Stored dataset items
◇ ◇ ◇

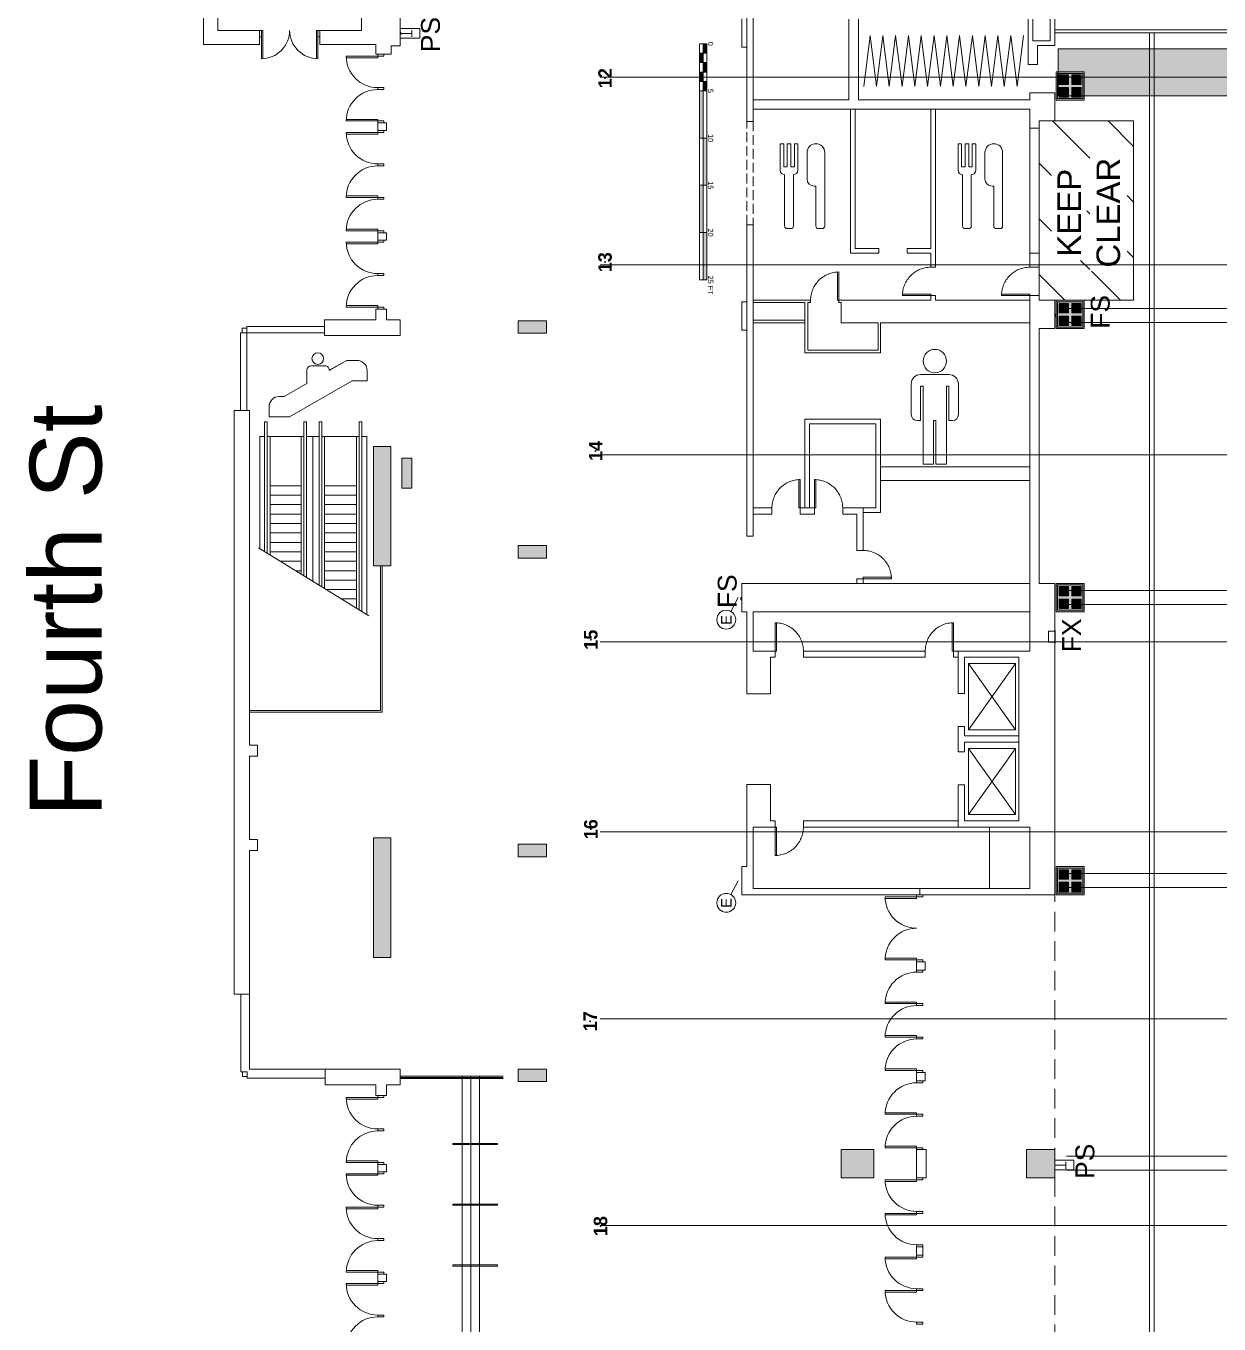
# Model space of a CAD drawing. Header units: inches. Extents: x -10671 to 1761, y -674 to 7170.
# Drawn here: x -10671 to -9154, y 2335 to 3985 of the extents above; entities that cross this region are included whole.
import ezdxf

# ---------------------------------------------------------------- set-up
doc = ezdxf.new("R2010")
doc.units = ezdxf.units.IN
doc.header["$LTSCALE"] = 19.2
doc.header["$MEASUREMENT"] = 0
doc.linetypes.add('DASH2', pattern=[0.911458, 0.651042, -0.260417])
doc.linetypes.add('DASHED', pattern=[1.953125, 1.302083, -0.651042])
for name, color, linetype, lineweight in [('DWG-0', 7, 'Continuous', 18), ('Scale', 7, 'Continuous', 5), ('Venue-Ceiling-Lights Circuits', 7, 'Continuous', 5), ('Venue-Floor Pockets', 7, 'Continuous', 5), ('Venue-Power', 7, 'Continuous', 5), ('Venue-Walls and Doors', 7, 'Continuous', 5)]:
    doc.layers.add(name, color=color, linetype=linetype, lineweight=lineweight)
for name, color, linetype, lineweight, true_color in [('DWG-bldg-utility box', 3, 'Continuous', 18, 0x00ff00), ('Venue-Airwall Closed', 7, 'Continuous', 5, 0x000000), ('Venue-Columns', 7, 'Continuous', 18, 0xc0c0c0), ('Venue-Concession Area', 2, 'Continuous', 18, 0xffff00), ('Venue-Fire Apparatus and Text', 1, 'Continuous', 5, 0xff0000), ('Venue-NO HANG ZONE', 7, 'Continuous', 15, 0xdd0000), ('Venue-Rigging Steel-High', 7, 'Continuous', 5, 0x800000), ('Venue-Rigging Steel-Low', 7, 'Continuous', 5, 0x0000dd), ('Venue-Text-Facility', 4, 'Continuous', 5, 0x00ffff)]:
    doc.layers.add(name, color=color, linetype=linetype, lineweight=lineweight, true_color=true_color)
doc.styles.add('Arial', font='Arial')
doc.styles.add('BluePrintBold', font='BluePrintBold')

# ---------------------------------------------------------------- blocks, each defined once
blk = doc.blocks.new('AD05A')
at = {"layer": 'DWG-0'}
for p, q in [((0, 0), (0.049, 0)), ((0, 0), (0, -1)), ((0.049, -0.999), (0.049, 0))]:
    blk.add_line(p, q, dxfattribs=at)
blk.add_arc((0, 0), 1, 270, 0, dxfattribs=at)
blk = doc.blocks.new('DR')
at = {"layer": 'DWG-0'}
blk.add_polyline3d([(0, -0.5, 0), (0.049, -0.499, 0), (0.098, -0.495, 0), (0.147, -0.489, 0), (0.195, -0.481, 0), (0.243, -0.47, 0), (0.29, -0.457, 0), (0.337, -0.442, 0), (0.383, -0.424, 0), (0.428, -0.404, 0), (0.471, -0.382, 0), (0.514, -0.358, 0), (0.556, -0.331, 0), (0.596, -0.303, 0), (0.634, -0.273, 0), (0.672, -0.241, 0), (0.707, -0.207, 0), (0.741, -0.172, 0), (0.773, -0.134, 0), (0.803, -0.096, 0), (0.831, -0.056, 0), (0.858, -0.014, 0), (0.882, 0.029, 0), (0.904, 0.072, 0), (0.924, 0.117, 0), (0.942, 0.163, 0), (0.957, 0.21, 0), (0.97, 0.257, 0), (0.981, 0.305, 0), (0.989, 0.353, 0), (0.995, 0.402, 0), (0.999, 0.451, 0), (1, 0.5, 0), (0, 0.5, 0), (0, 0.451, 0), (1, 0.451, 0)], dxfattribs=at)
blk = doc.blocks.new('AD03A')
at = {"layer": 'DWG-0'}
for p, q in [((0, 1), (0, 0)), ((0.049, 0), (0.049, 0.999)), ((0, 0), (0.049, 0))]:
    blk.add_line(p, q, dxfattribs=at)
blk.add_arc((0, 0), 1, 0, 90, dxfattribs=at)
blk = doc.blocks.new('DR2')
at = {"layer": 'DWG-0', "flags": 128}
blk.add_lwpolyline([(1, -0.951), (0, -0.951), (0, -1), (1, -1, 0.414214), (0, 0, 0.414214), (1, 1), (0, 1), (0, 0.951), (1, 0.951)], format="xyb", dxfattribs=at)
blk = doc.blocks.new('FLOORBOX')
at = {"layer": 'Venue-Floor Pockets', "linetype": 'Continuous', "lineweight": 0, "true_color": 0xaaaaaa}
blk.add_hatch(color=253, dxfattribs=at).paths.add_polyline_path([(-18, 18), (18, 18), (18, -18), (-18, -18)])
at = {"layer": 'Venue-Floor Pockets', "linetype": 'Continuous', "lineweight": 0, "true_color": 0xbbbbbb}
blk.add_hatch(color=9, dxfattribs=at).paths.add_polyline_path([(-16, 16), (16, 16), (16, -16), (-16, -16)])
at = {"layer": 'Venue-Floor Pockets', "linetype": 'Continuous', "lineweight": 0, "true_color": 0xdddddd}
for points in [[(-14, 14), (-2, 14), (-2, 2), (-14, 2)], [(2, 14), (14, 14), (14, 2), (2, 2)], [(-14, -2), (-2, -2), (-2, -14), (-14, -14)], [(2, -2), (14, -2), (14, -14), (2, -14)]]:
    blk.add_hatch(color=254, dxfattribs=at).paths.add_polyline_path(points)
at = {"layer": 'Venue-Floor Pockets', "color": 7, "linetype": 'Continuous', "lineweight": 5, "flags": 128}
for points in [[(-18, 18), (18, 18), (18, -18), (-18, -18)], [(-16, 16), (16, 16), (16, -16), (-16, -16)], [(-14, 14), (-2, 14), (-2, 2), (-14, 2)], [(2, 14), (14, 14), (14, 2), (2, 2)], [(-14, -2), (-2, -2), (-2, -14), (-14, -14)], [(2, -2), (14, -2), (14, -14), (2, -14)]]:
    blk.add_lwpolyline(points, close=True, dxfattribs=at)
blk = doc.blocks.new('FX')
at = {"layer": 'Venue-Fire Apparatus and Text'}
for p, q in [((0, -5.75), (0, 10.75)), ((0.5, 10.75), (0, 10.75)), ((0.5, -5.75), (0.5, 10.75)), ((0.5, -5.75), (0, -5.75))]:
    blk.add_line(p, q, dxfattribs=at)
at = {"layer": 'Venue-Fire Apparatus and Text', "flags": 128}
blk.add_lwpolyline([(0, 9.5), (0, -4.5), (-8, -4.5), (-8, 9.5)], close=True, dxfattribs=at)
blk = doc.blocks.new('MEN')
at = {"layer": 'Venue-Text-Facility'}
for p, q in [((-10, 42), (-10, 68)), ((-2, 76), (22, 76)), ((30, 68), (30, 42)), ((-2, 37), (-2, 66)), ((-2, 66), (0, 66)), ((0, 0), (0, 66)), ((20, 66), (20, 0)), ((20, 66), (22, 66)), ((22, 66), (22, 37)), ((-2, 37), (-5, 37)), ((11, 37), (9, 37)), ((9, 0), (9, 37)), ((11, 0), (11, 37)), ((25, 37), (22, 37)), ((0, 0), (9, 0)), ((11, 0), (20, 0))]:
    blk.add_line(p, q, dxfattribs=at)
blk.add_circle((10, 87.4), 9.93, dxfattribs=at)
for centre, radius, start, end in [((-2, 68), 8, 90, 180), ((22, 68), 8, 0, 90), ((-5, 42), 5, 180, 270), ((25, 42), 5, 270, 0)]:
    blk.add_arc(centre, radius, start, end, dxfattribs=at)
blk = doc.blocks.new('REST')
at = {"layer": 'Venue-Text-Facility'}
for p, q in [((-33.1, 80.6), (-28.1, 80.6)), ((-33.1, 80.6), (-33.1, 43.1)), ((-28.1, 80.6), (-28.1, 48.1)), ((-18.1, 80.6), (-23.1, 80.6)), ((-23.1, 80.6), (-23.1, 48.1)), ((-18.1, 80.6), (-18.1, 48.1)), ((-8.1, 80.6), (-13.1, 80.6)), ((-13.1, 80.6), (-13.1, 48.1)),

◇ ◇ ◇

[Work order] All that belongs in your answer is the stretch of entries above from the line with "-18), (-18, -18)])" through the line with "-16), (-16, -16)])", printed exactly.

[Your response]
blk.add_hatch(color=253, dxfattribs=at).paths.add_polyline_path([(-18, 18), (18, 18), (18, -18), (-18, -18)])
at = {"layer": 'Venue-Floor Pockets', "linetype": 'Continuous', "lineweight": 0, "true_color": 0xbbbbbb}
blk.add_hatch(color=9, dxfattribs=at).paths.add_polyline_path([(-16, 16), (16, 16), (16, -16), (-16, -16)])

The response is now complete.